The algorithm starts from the initial point, at which point calculates the gradient of the function and moving in the direction of greater growth or decline (depending on whether the problem is a maximization or minimization) function. This sense is the sense that points the gradient vector or the opposite (if the problem is minimization).

The algorithm stops on one of these cases:

1) Has reached an inflection point (or saddle point). At this point the gradient is zero indicates a minimum or maximum saddle point (or maximum and nor minimum).

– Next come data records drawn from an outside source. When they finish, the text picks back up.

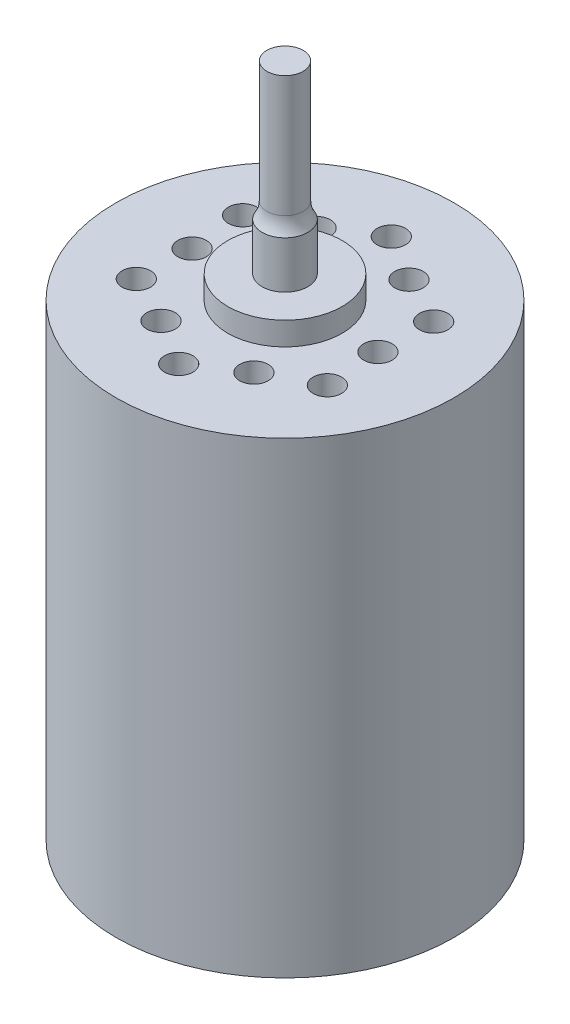
ISO-10303-21;
HEADER;
FILE_DESCRIPTION(('STEP AP214'),'2;1');
FILE_NAME('part.step','',(''),(''),'','','');
FILE_SCHEMA(('AUTOMOTIVE_DESIGN { 1 0 10303 214 1 1 1 1 }'));
ENDSEC;
DATA;
#1=APPLICATION_CONTEXT('core data for automotive mechanical design processes');
#2=APPLICATION_PROTOCOL_DEFINITION('international standard','automotive_design',2000,#1);
#3=PRODUCT_CONTEXT('',#1,'mechanical');
#4=PRODUCT('Part','Part','',(#3));
#5=PRODUCT_RELATED_PRODUCT_CATEGORY('part','',(#4));
#6=PRODUCT_DEFINITION_FORMATION('','',#4);
#7=PRODUCT_DEFINITION_CONTEXT('part definition',#1,'design');
#8=PRODUCT_DEFINITION('design','',#6,#7);
#9=PRODUCT_DEFINITION_SHAPE('','',#8);
#10=(LENGTH_UNIT() NAMED_UNIT(*) SI_UNIT(.MILLI.,.METRE.));
#11=(NAMED_UNIT(*) PLANE_ANGLE_UNIT() SI_UNIT($,.RADIAN.));
#12=(NAMED_UNIT(*) SI_UNIT($,.STERADIAN.) SOLID_ANGLE_UNIT());
#13=UNCERTAINTY_MEASURE_WITH_UNIT(LENGTH_MEASURE(1.E-05),#10,'distance_accuracy_value','');
#14=(GEOMETRIC_REPRESENTATION_CONTEXT(3) GLOBAL_UNCERTAINTY_ASSIGNED_CONTEXT((#13)) GLOBAL_UNIT_ASSIGNED_CONTEXT((#10,
#11,#12)) REPRESENTATION_CONTEXT('',''));
#15=CARTESIAN_POINT('',(0.,0.,0.));
#16=DIRECTION('',(0.,0.,1.));
#17=DIRECTION('',(1.,0.,0.));
#18=AXIS2_PLACEMENT_3D('',#15,#16,#17);
#19=CARTESIAN_POINT('',(0.,43.0276,0.));
#20=DIRECTION('',(0.,1.,0.));
#21=DIRECTION('',(0.,0.,1.));
#22=AXIS2_PLACEMENT_3D('',#19,#20,#21);
#23=PLANE('',#22);
#24=CARTESIAN_POINT('',(0.,43.0276,0.));
#25=DIRECTION('',(0.,1.,0.));
#26=DIRECTION('',(0.,0.,1.));
#27=AXIS2_PLACEMENT_3D('',#24,#25,#26);
#28=CIRCLE('',#27,5.0165);
#29=CARTESIAN_POINT('',(0.,43.0276,5.0165));
#30=VERTEX_POINT('',#29);
#31=EDGE_CURVE('E49',#30,#30,#28,.T.);
#32=ORIENTED_EDGE('',*,*,#31,.T.);
#33=EDGE_LOOP('',(#32));
#34=FACE_BOUND('',#33,.T.);
#35=CARTESIAN_POINT('',(0.,43.0276,0.));
#36=DIRECTION('',(0.,1.,0.));
#37=DIRECTION('',(0.,0.,1.));
#38=AXIS2_PLACEMENT_3D('',#35,#36,#37);
#39=CIRCLE('',#38,2.0066);
#40=CARTESIAN_POINT('',(0.,43.0276,2.0066));
#41=VERTEX_POINT('',#40);
#42=EDGE_CURVE('E57',#41,#41,#39,.T.);
#43=ORIENTED_EDGE('',*,*,#42,.F.);
#44=EDGE_LOOP('',(#43));
#45=FACE_BOUND('',#44,.T.);
#46=ADVANCED_FACE('F33',(#34,#45),#23,.T.);
#47=CARTESIAN_POINT('',(0.,40.9956,0.));
#48=DIRECTION('',(0.,1.,0.));
#49=DIRECTION('',(0.,0.,1.));
#50=AXIS2_PLACEMENT_3D('',#47,#48,#49);
#51=PLANE('',#50);
#52=CARTESIAN_POINT('',(4.1272177151194,40.9956,6.85317984092091));
#53=DIRECTION('',(0.,1.,0.));
#54=DIRECTION('',(0.,0.,1.));
#55=AXIS2_PLACEMENT_3D('',#52,#53,#54);
#56=CIRCLE('',#55,1.25);
#57=CARTESIAN_POINT('',(4.1272177151194,40.9956,8.10317984092091));
#58=VERTEX_POINT('',#57);
#59=EDGE_CURVE('E98',#58,#58,#56,.T.);
#60=ORIENTED_EDGE('',*,*,#59,.F.);
#61=EDGE_LOOP('',(#60));
#62=FACE_BOUND('',#61,.T.);
#63=CARTESIAN_POINT('',(-8.31352755408481,40.9956,-4.59731004039021));
#64=DIRECTION('',(0.,1.,0.));
#65=DIRECTION('',(0.,0.,1.));
#66=AXIS2_PLACEMENT_3D('',#63,#64,#65);
#67=CIRCLE('',#66,1.25);
#68=CARTESIAN_POINT('',(-8.31352755408481,40.9956,-3.34731004039021));
#69=VERTEX_POINT('',#68);
#70=EDGE_CURVE('E95',#69,#69,#67,.T.);
#71=ORIENTED_EDGE('',*,*,#70,.F.);
#72=EDGE_LOOP('',(#71));
#73=FACE_BOUND('',#72,.T.);
#74=CARTESIAN_POINT('',(-4.12721771511939,40.9956,-6.8531798409209));
#75=DIRECTION('',(0.,1.,0.));
#76=DIRECTION('',(0.,0.,1.));
#77=AXIS2_PLACEMENT_3D('',#74,#75,#76);
#78=CIRCLE('',#77,1.25);
#79=CARTESIAN_POINT('',(-4.12721771511939,40.9956,-5.6031798409209));
#80=VERTEX_POINT('',#79);
#81=EDGE_CURVE('E92',#80,#80,#78,.T.);
#82=ORIENTED_EDGE('',*,*,#81,.F.);
#83=EDGE_LOOP('',(#82));
#84=FACE_BOUND('',#83,.T.);
#85=CARTESIAN_POINT('',(-7.9986366965006,40.9956,0.147685467782111));
#86=DIRECTION('',(0.,1.,0.));
#87=DIRECTION('',(0.,0.,1.));
#88=AXIS2_PLACEMENT_3D('',#85,#86,#87);
#89=CIRCLE('',#88,1.25);
#90=CARTESIAN_POINT('',(-7.9986366965006,40.9956,1.39768546778211));
#91=VERTEX_POINT('',#90);
#92=EDGE_CURVE('E89',#91,#91,#89,.T.);
#93=ORIENTED_EDGE('',*,*,#92,.F.);
#94=EDGE_LOOP('',(#93));
#95=FACE_BOUND('',#94,.T.);
#96=CARTESIAN_POINT('',(-8.13815106109359,40.9956,4.90107103670425));
#97=DIRECTION('',(0.,1.,0.));
#98=DIRECTION('',(0.,0.,1.));
#99=AXIS2_PLACEMENT_3D('',#96,#97,#98);
#100=CIRCLE('',#99,1.25);
#101=CARTESIAN_POINT('',(-8.13815106109359,40.9956,6.15107103670425));
#102=VERTEX_POINT('',#101);
#103=EDGE_CURVE('E86',#102,#102,#100,.T.);
#104=ORIENTED_EDGE('',*,*,#103,.F.);
#105=EDGE_LOOP('',(#104));
#106=FACE_BOUND('',#105,.T.);
#107=CARTESIAN_POINT('',(-3.8714189813812,40.9956,7.00086530870301));
#108=DIRECTION('',(0.,1.,0.));
#109=DIRECTION('',(0.,0.,1.));
#110=AXIS2_PLACEMENT_3D('',#107,#108,#109);
#111=CIRCLE('',#110,1.25);
#112=CARTESIAN_POINT('',(-3.8714189813812,40.9956,8.25086530870301));
#113=VERTEX_POINT('',#112);
#114=EDGE_CURVE('E83',#113,#113,#111,.T.);
#115=ORIENTED_EDGE('',*,*,#114,.F.);
#116=EDGE_LOOP('',(#115));
#117=FACE_BOUND('',#116,.T.);
#118=CARTESIAN_POINT('',(0.175376492991219,40.9956,9.49838107709446));
#119=DIRECTION('',(0.,1.,0.));
#120=DIRECTION('',(0.,0.,1.));
#121=AXIS2_PLACEMENT_3D('',#118,#119,#120);
#122=CIRCLE('',#121,1.25);
#123=CARTESIAN_POINT('',(0.175376492991219,40.9956,10.7483810770945));
#124=VERTEX_POINT('',#123);
#125=EDGE_CURVE('E80',#124,#124,#122,.T.);
#126=ORIENTED_EDGE('',*,*,#125,.F.);
#127=EDGE_LOOP('',(#126));
#128=FACE_BOUND('',#127,.T.);
#129=CARTESIAN_POINT('',(8.31352755408481,40.9956,4.59731004039021));
#130=DIRECTION('',(0.,1.,0.));
#131=DIRECTION('',(0.,0.,1.));
#132=AXIS2_PLACEMENT_3D('',#129,#130,#131);
#133=CIRCLE('',#132,1.25);
#134=CARTESIAN_POINT('',(8.31352755408481,40.9956,5.84731004039021));
#135=VERTEX_POINT('',#134);
#136=EDGE_CURVE('E77',#135,#135,#133,.T.);
#137=ORIENTED_EDGE('',*,*,#136,.F.);
#138=EDGE_LOOP('',(#137));
#139=FACE_BOUND('',#138,.T.);
#140=CARTESIAN_POINT('',(7.9986366965006,40.9956,-0.147685467782108));
#141=DIRECTION('',(0.,1.,0.));
#142=DIRECTION('',(0.,0.,1.));
#143=AXIS2_PLACEMENT_3D('',#140,#141,#142);
#144=CIRCLE('',#143,1.25);
#145=CARTESIAN_POINT('',(7.9986366965006,40.9956,1.10231453221789));
#146=VERTEX_POINT('',#145);
#147=EDGE_CURVE('E74',#146,#146,#144,.T.);
#148=ORIENTED_EDGE('',*,*,#147,.F.);
#149=EDGE_LOOP('',(#148));
#150=FACE_BOUND('',#149,.T.);
#151=CARTESIAN_POINT('',(8.13815106109359,40.9956,-4.90107103670425));
#152=DIRECTION('',(0.,1.,0.));
#153=DIRECTION('',(0.,0.,1.));
#154=AXIS2_PLACEMENT_3D('',#151,#152,#153);
#155=CIRCLE('',#154,1.25);
#156=CARTESIAN_POINT('',(8.13815106109359,40.9956,-3.65107103670425));
#157=VERTEX_POINT('',#156);
#158=EDGE_CURVE('E71',#157,#157,#155,.T.);
#159=ORIENTED_EDGE('',*,*,#158,.F.);
#160=EDGE_LOOP('',(#159));
#161=FACE_BOUND('',#160,.T.);
#162=CARTESIAN_POINT('',(3.8714189813812,40.9956,-7.00086530870301));
#163=DIRECTION('',(0.,1.,0.));
#164=DIRECTION('',(0.,0.,1.));
#165=AXIS2_PLACEMENT_3D('',#162,#163,#164);
#166=CIRCLE('',#165,1.25);
#167=CARTESIAN_POINT('',(3.8714189813812,40.9956,-5.75086530870302));
#168=VERTEX_POINT('',#167);
#169=EDGE_CURVE('E68',#168,#168,#166,.T.);
#170=ORIENTED_EDGE('',*,*,#169,.F.);
#171=EDGE_LOOP('',(#170));
#172=FACE_BOUND('',#171,.T.);
#173=CARTESIAN_POINT('',(-0.175376492991219,40.9956,-9.49838107709446));
#174=DIRECTION('',(0.,1.,0.));
#175=DIRECTION('',(0.,0.,1.));
#176=AXIS2_PLACEMENT_3D('',#173,#174,#175);
#177=CIRCLE('',#176,1.25);
#178=CARTESIAN_POINT('',(-0.175376492991219,40.9956,-8.24838107709446));
#179=VERTEX_POINT('',#178);
#180=EDGE_CURVE('E65',#179,#179,#177,.T.);
#181=ORIENTED_EDGE('',*,*,#180,.F.);
#182=EDGE_LOOP('',(#181));
#183=FACE_BOUND('',#182,.T.);
#184=CARTESIAN_POINT('',(0.,40.9956,0.));
#185=DIRECTION('',(0.,1.,0.));
#186=DIRECTION('',(0.,0.,1.));
#187=AXIS2_PLACEMENT_3D('',#184,#185,#186);
#188=CIRCLE('',#187,14.8209);
#189=CARTESIAN_POINT('',(0.,40.9956,14.8209));
#190=VERTEX_POINT('',#189);
#191=EDGE_CURVE('E40',#190,#190,#188,.T.);
#192=ORIENTED_EDGE('',*,*,#191,.T.);
#193=EDGE_LOOP('',(#192));
#194=FACE_BOUND('',#193,.T.);
#195=CARTESIAN_POINT('',(0.,40.9956,0.));
#196=DIRECTION('',(0.,1.,0.));
#197=DIRECTION('',(0.,0.,1.));
#198=AXIS2_PLACEMENT_3D('',#195,#196,#197);
#199=CIRCLE('',#198,5.0165);
#200=CARTESIAN_POINT('',(0.,40.9956,5.0165));
#201=VERTEX_POINT('',#200);
#202=EDGE_CURVE('E51',#201,#201,#199,.T.);
#203=ORIENTED_EDGE('',*,*,#202,.F.);
#204=EDGE_LOOP('',(#203));
#205=FACE_BOUND('',#204,.T.);
#206=ADVANCED_FACE('F177',(#62,#73,#84,#95,#106,#117,#128,#139,#150,#161,#172,#183,#194,#205),
#51,.T.);
#207=CARTESIAN_POINT('',(0.,40.9956,0.));
#208=DIRECTION('',(0.,-1.,0.));
#209=DIRECTION('',(0.,0.,-1.));
#210=AXIS2_PLACEMENT_3D('',#207,#208,#209);
#211=CYLINDRICAL_SURFACE('',#210,14.8209);
#212=ORIENTED_EDGE('',*,*,#191,.F.);
#213=EDGE_LOOP('',(#212));
#214=FACE_BOUND('',#213,.T.);
#215=CARTESIAN_POINT('',(0.,0.,0.));
#216=DIRECTION('',(0.,1.,0.));
#217=DIRECTION('',(0.,0.,1.));
#218=AXIS2_PLACEMENT_3D('',#215,#216,#217);
#219=CIRCLE('',#218,14.8209);
#220=CARTESIAN_POINT('',(0.,0.,14.8209));
#221=VERTEX_POINT('',#220);
#222=EDGE_CURVE('E44',#221,#221,#219,.T.);
#223=ORIENTED_EDGE('',*,*,#222,.T.);
#224=EDGE_LOOP('',(#223));
#225=FACE_BOUND('',#224,.T.);
#226=ADVANCED_FACE('F179',(#214,#225),#211,.T.);
#227=CARTESIAN_POINT('',(0.,0.,0.));
#228=DIRECTION('',(0.,1.,0.));
#229=DIRECTION('',(0.,0.,1.));
#230=AXIS2_PLACEMENT_3D('',#227,#228,#229);
#231=PLANE('',#230);
#232=ORIENTED_EDGE('',*,*,#222,.F.);
#233=EDGE_LOOP('',(#232));
#234=FACE_BOUND('',#233,.T.);
#235=ADVANCED_FACE('F188',(#234),#231,.F.);
#236=CARTESIAN_POINT('',(0.,43.0276,0.));
#237=DIRECTION('',(0.,-1.,0.));
#238=DIRECTION('',(0.,0.,-1.));
#239=AXIS2_PLACEMENT_3D('',#236,#237,#238);
#240=CYLINDRICAL_SURFACE('',#239,5.0165);
#241=ORIENTED_EDGE('',*,*,#31,.F.);
#242=EDGE_LOOP('',(#241));
#243=FACE_BOUND('',#242,.T.);
#244=ORIENTED_EDGE('',*,*,#202,.T.);
#245=EDGE_LOOP('',(#244));
#246=FACE_BOUND('',#245,.T.);
#247=ADVANCED_FACE('F185',(#243,#246),#240,.T.);
#248=CARTESIAN_POINT('',(0.,47.1551,0.));
#249=DIRECTION('',(0.,-1.,0.));
#250=DIRECTION('',(0.,0.,-1.));
#251=AXIS2_PLACEMENT_3D('',#248,#249,#250);
#252=CYLINDRICAL_SURFACE('',#251,2.0066);
#253=CARTESIAN_POINT('',(0.,47.1551,0.));
#254=DIRECTION('',(0.,1.,0.));
#255=DIRECTION('',(0.,0.,1.));
#256=AXIS2_PLACEMENT_3D('',#253,#254,#255);
#257=CIRCLE('',#256,2.0066);
#258=CARTESIAN_POINT('',(0.,47.1551,2.0066));
#259=VERTEX_POINT('',#258);
#260=EDGE_CURVE('E54',#259,#259,#257,.T.);
#261=ORIENTED_EDGE('',*,*,#260,.F.);
#262=EDGE_LOOP('',(#261));
#263=FACE_BOUND('',#262,.T.);
#264=ORIENTED_EDGE('',*,*,#42,.T.);
#265=EDGE_LOOP('',(#264));
#266=FACE_BOUND('',#265,.T.);
#267=ADVANCED_FACE('F187',(#263,#266),#252,.T.);
#268=CARTESIAN_POINT('',(0.,59.182,0.));
#269=DIRECTION('',(0.,-1.,0.));
#270=DIRECTION('',(0.,0.,-1.));
#271=AXIS2_PLACEMENT_3D('',#268,#269,#270);
#272=CYLINDRICAL_SURFACE('',#271,1.59385);
#273=CARTESIAN_POINT('',(0.,48.543050805144,0.));
#274=DIRECTION('',(0.,-1.,0.));
#275=DIRECTION('',(0.,0.,-1.));
#276=AXIS2_PLACEMENT_3D('',#273,#274,#275);
#277=CIRCLE('',#276,1.59385);
#278=CARTESIAN_POINT('',(0.,48.543050805144,-1.59385));
#279=VERTEX_POINT('',#278);
#280=EDGE_CURVE('E10',#279,#279,#277,.F.);
#281=CARTESIAN_POINT('',(0.,59.182,0.));
#282=DIRECTION('',(0.,1.,0.));
#283=DIRECTION('',(0.,0.,1.));
#284=AXIS2_PLACEMENT_3D('',#281,#282,#283);
#285=CIRCLE('',#284,1.59385);
#286=CARTESIAN_POINT('',(0.,59.182,-1.59385));
#287=VERTEX_POINT('',#286);
#288=EDGE_CURVE('E60',#287,#287,#285,.T.);
#289=CARTESIAN_POINT('',(0.,48.543050805144,-1.59385));
#290=CARTESIAN_POINT('',(0.,48.6538731925905,-1.59385));
#291=CARTESIAN_POINT('',(0.,48.7646955800369,-1.59385));
#292=CARTESIAN_POINT('',(0.,48.9863403549297,-1.59385));
#293=CARTESIAN_POINT('',(0.,49.0971627423761,-1.59385));
#294=CARTESIAN_POINT('',(0.,49.318807517269,-1.59385));
#295=CARTESIAN_POINT('',(0.,49.4296299047154,-1.59385));
#296=CARTESIAN_POINT('',(0.,49.6512746796082,-1.59385));
#297=CARTESIAN_POINT('',(0.,49.7620970670546,-1.59385));
#298=CARTESIAN_POINT('',(0.,49.9837418419475,-1.59385));
#299=CARTESIAN_POINT('',(0.,50.0945642293939,-1.59385));
#300=CARTESIAN_POINT('',(0.,50.3162090042867,-1.59385));
#301=CARTESIAN_POINT('',(0.,50.4270313917331,-1.59385));
#302=CARTESIAN_POINT('',(0.,50.648676166626,-1.59385));
#303=CARTESIAN_POINT('',(0.,50.7594985540724,-1.59385));
#304=CARTESIAN_POINT('',(0.,50.9811433289652,-1.59385));
#305=CARTESIAN_POINT('',(0.,51.0919657164116,-1.59385));
#306=CARTESIAN_POINT('',(0.,51.3136104913045,-1.59385));
#307=CARTESIAN_POINT('',(0.,51.4244328787509,-1.59385));
#308=CARTESIAN_POINT('',(0.,51.6460776536437,-1.59385));
#309=CARTESIAN_POINT('',(0.,51.7569000410901,-1.59385));
#310=CARTESIAN_POINT('',(0.,51.9785448159829,-1.59385));
#311=CARTESIAN_POINT('',(0.,52.0893672034294,-1.59385));
#312=CARTESIAN_POINT('',(0.,52.3110119783222,-1.59385));
#313=CARTESIAN_POINT('',(0.,52.4218343657686,-1.59385));
#314=CARTESIAN_POINT('',(0.,52.6434791406614,-1.59385));
#315=CARTESIAN_POINT('',(0.,52.7543015281079,-1.59385));
#316=CARTESIAN_POINT('',(0.,52.9759463030007,-1.59385));
#317=CARTESIAN_POINT('',(0.,53.0867686904471,-1.59385));
#318=CARTESIAN_POINT('',(0.,53.3084134653399,-1.59385));
#319=CARTESIAN_POINT('',(0.,53.4192358527864,-1.59385));
#320=CARTESIAN_POINT('',(0.,53.6408806276792,-1.59385));
#321=CARTESIAN_POINT('',(0.,53.7517030151256,-1.59385));
#322=CARTESIAN_POINT('',(0.,53.9733477900184,-1.59385));
#323=CARTESIAN_POINT('',(0.,54.0841701774648,-1.59385));
#324=CARTESIAN_POINT('',(0.,54.3058149523577,-1.59385));
#325=CARTESIAN_POINT('',(0.,54.4166373398041,-1.59385));
#326=CARTESIAN_POINT('',(0.,54.6382821146969,-1.59385));
#327=CARTESIAN_POINT('',(0.,54.7491045021433,-1.59385));
#328=CARTESIAN_POINT('',(0.,54.9707492770362,-1.59385));
#329=CARTESIAN_POINT('',(0.,55.0815716644826,-1.59385));
#330=CARTESIAN_POINT('',(0.,55.3032164393754,-1.59385));
#331=CARTESIAN_POINT('',(0.,55.4140388268218,-1.59385));
#332=CARTESIAN_POINT('',(0.,55.6356836017147,-1.59385));
#333=CARTESIAN_POINT('',(0.,55.7465059891611,-1.59385));
#334=CARTESIAN_POINT('',(0.,55.9681507640539,-1.59385));
#335=CARTESIAN_POINT('',(0.,56.0789731515003,-1.59385));
#336=CARTESIAN_POINT('',(0.,56.3006179263932,-1.59385));
#337=CARTESIAN_POINT('',(0.,56.4114403138396,-1.59385));
#338=CARTESIAN_POINT('',(0.,56.6330850887324,-1.59385));
#339=CARTESIAN_POINT('',(0.,56.7439074761788,-1.59385));
#340=CARTESIAN_POINT('',(0.,56.9655522510717,-1.59385));
#341=CARTESIAN_POINT('',(0.,57.0763746385181,-1.59385));
#342=CARTESIAN_POINT('',(0.,57.2980194134109,-1.59385));
#343=CARTESIAN_POINT('',(0.,57.4088418008573,-1.59385));
#344=CARTESIAN_POINT('',(0.,57.6304865757502,-1.59385));
#345=CARTESIAN_POINT('',(0.,57.7413089631966,-1.59385));
#346=CARTESIAN_POINT('',(0.,57.9629537380894,-1.59385));
#347=CARTESIAN_POINT('',(0.,58.0737761255358,-1.59385));
#348=CARTESIAN_POINT('',(0.,58.2954209004287,-1.59385));
#349=CARTESIAN_POINT('',(0.,58.4062432878751,-1.59385));
#350=CARTESIAN_POINT('',(0.,58.6278880627679,-1.59385));
#351=CARTESIAN_POINT('',(0.,58.7387104502143,-1.59385));
#352=CARTESIAN_POINT('',(0.,58.9603552251072,-1.59385));
#353=CARTESIAN_POINT('',(0.,59.0711776125536,-1.59385));
#354=CARTESIAN_POINT('',(0.,59.182,-1.59385));
#355=B_SPLINE_CURVE_WITH_KNOTS('',3,(#289,#290,#291,#292,#293,#294,#295,#296,#297,#298,#299,
#300,#301,#302,#303,#304,#305,#306,#307,#308,#309,#310,#311,#312,#313,#314,#315,#316,#317,#318,
#319,#320,#321,#322,#323,#324,#325,#326,#327,#328,#329,#330,#331,#332,#333,#334,#335,#336,#337,
#338,#339,#340,#341,#342,#343,#344,#345,#346,#347,#348,#349,#350,#351,#352,#353,#354),
.UNSPECIFIED.,.F.,.F.,(4,2,2,2,2,2,2,2,2,2,2,2,2,2,2,2,2,2,2,2,2,2,2,2,2,2,2,2,2,2,2,2,4),(0.,
0.332467162339249,0.664934324678491,0.997401487017747,1.32986864935699,1.66233581169624,
1.99480297403549,2.32727013637474,2.65973729871399,2.99220446105324,3.32467162339248,
3.65713878573173,3.98960594807098,4.32207311041023,4.65454027274947,4.98700743508872,
5.31947459742797,5.65194175976722,5.98440892210647,6.31687608444572,6.64934324678497,
6.98181040912422,7.31427757146347,7.64674473380271,7.97921189614196,8.31167905848121,
8.64414622082046,8.97661338315971,9.30908054549896,9.64154770783821,9.97401487017745,
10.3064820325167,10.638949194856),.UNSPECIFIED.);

2) We leave the feasible region. In this case the optimum point nearest to the starting point is on the border of the feasible region.

3) Infinite solution. In this case has reached the highest value for the arithmetic of the computer.

Note that both the optimum as the optimal point where it reaches may contain errors due to truncation

1) limitation of computer arithmetic (which is spread among the iterations of algorithm.)

2) Truncation error of the algorithm in the case of referral number in each iteration is an O (1e-14)

Note that due to the nature of the nonlinear programming problems, finding a optimal point not meant to be the optimal value, the final value may vary depending on the starting point. Especially in the nonconvex objective functions case.

We could define the solution provided by Non-Linnear Optimizing optimal value as the one "nearest" to the starting point given. Where the "nearest" term must to be understood of increased growth or decrease direction in the objective function.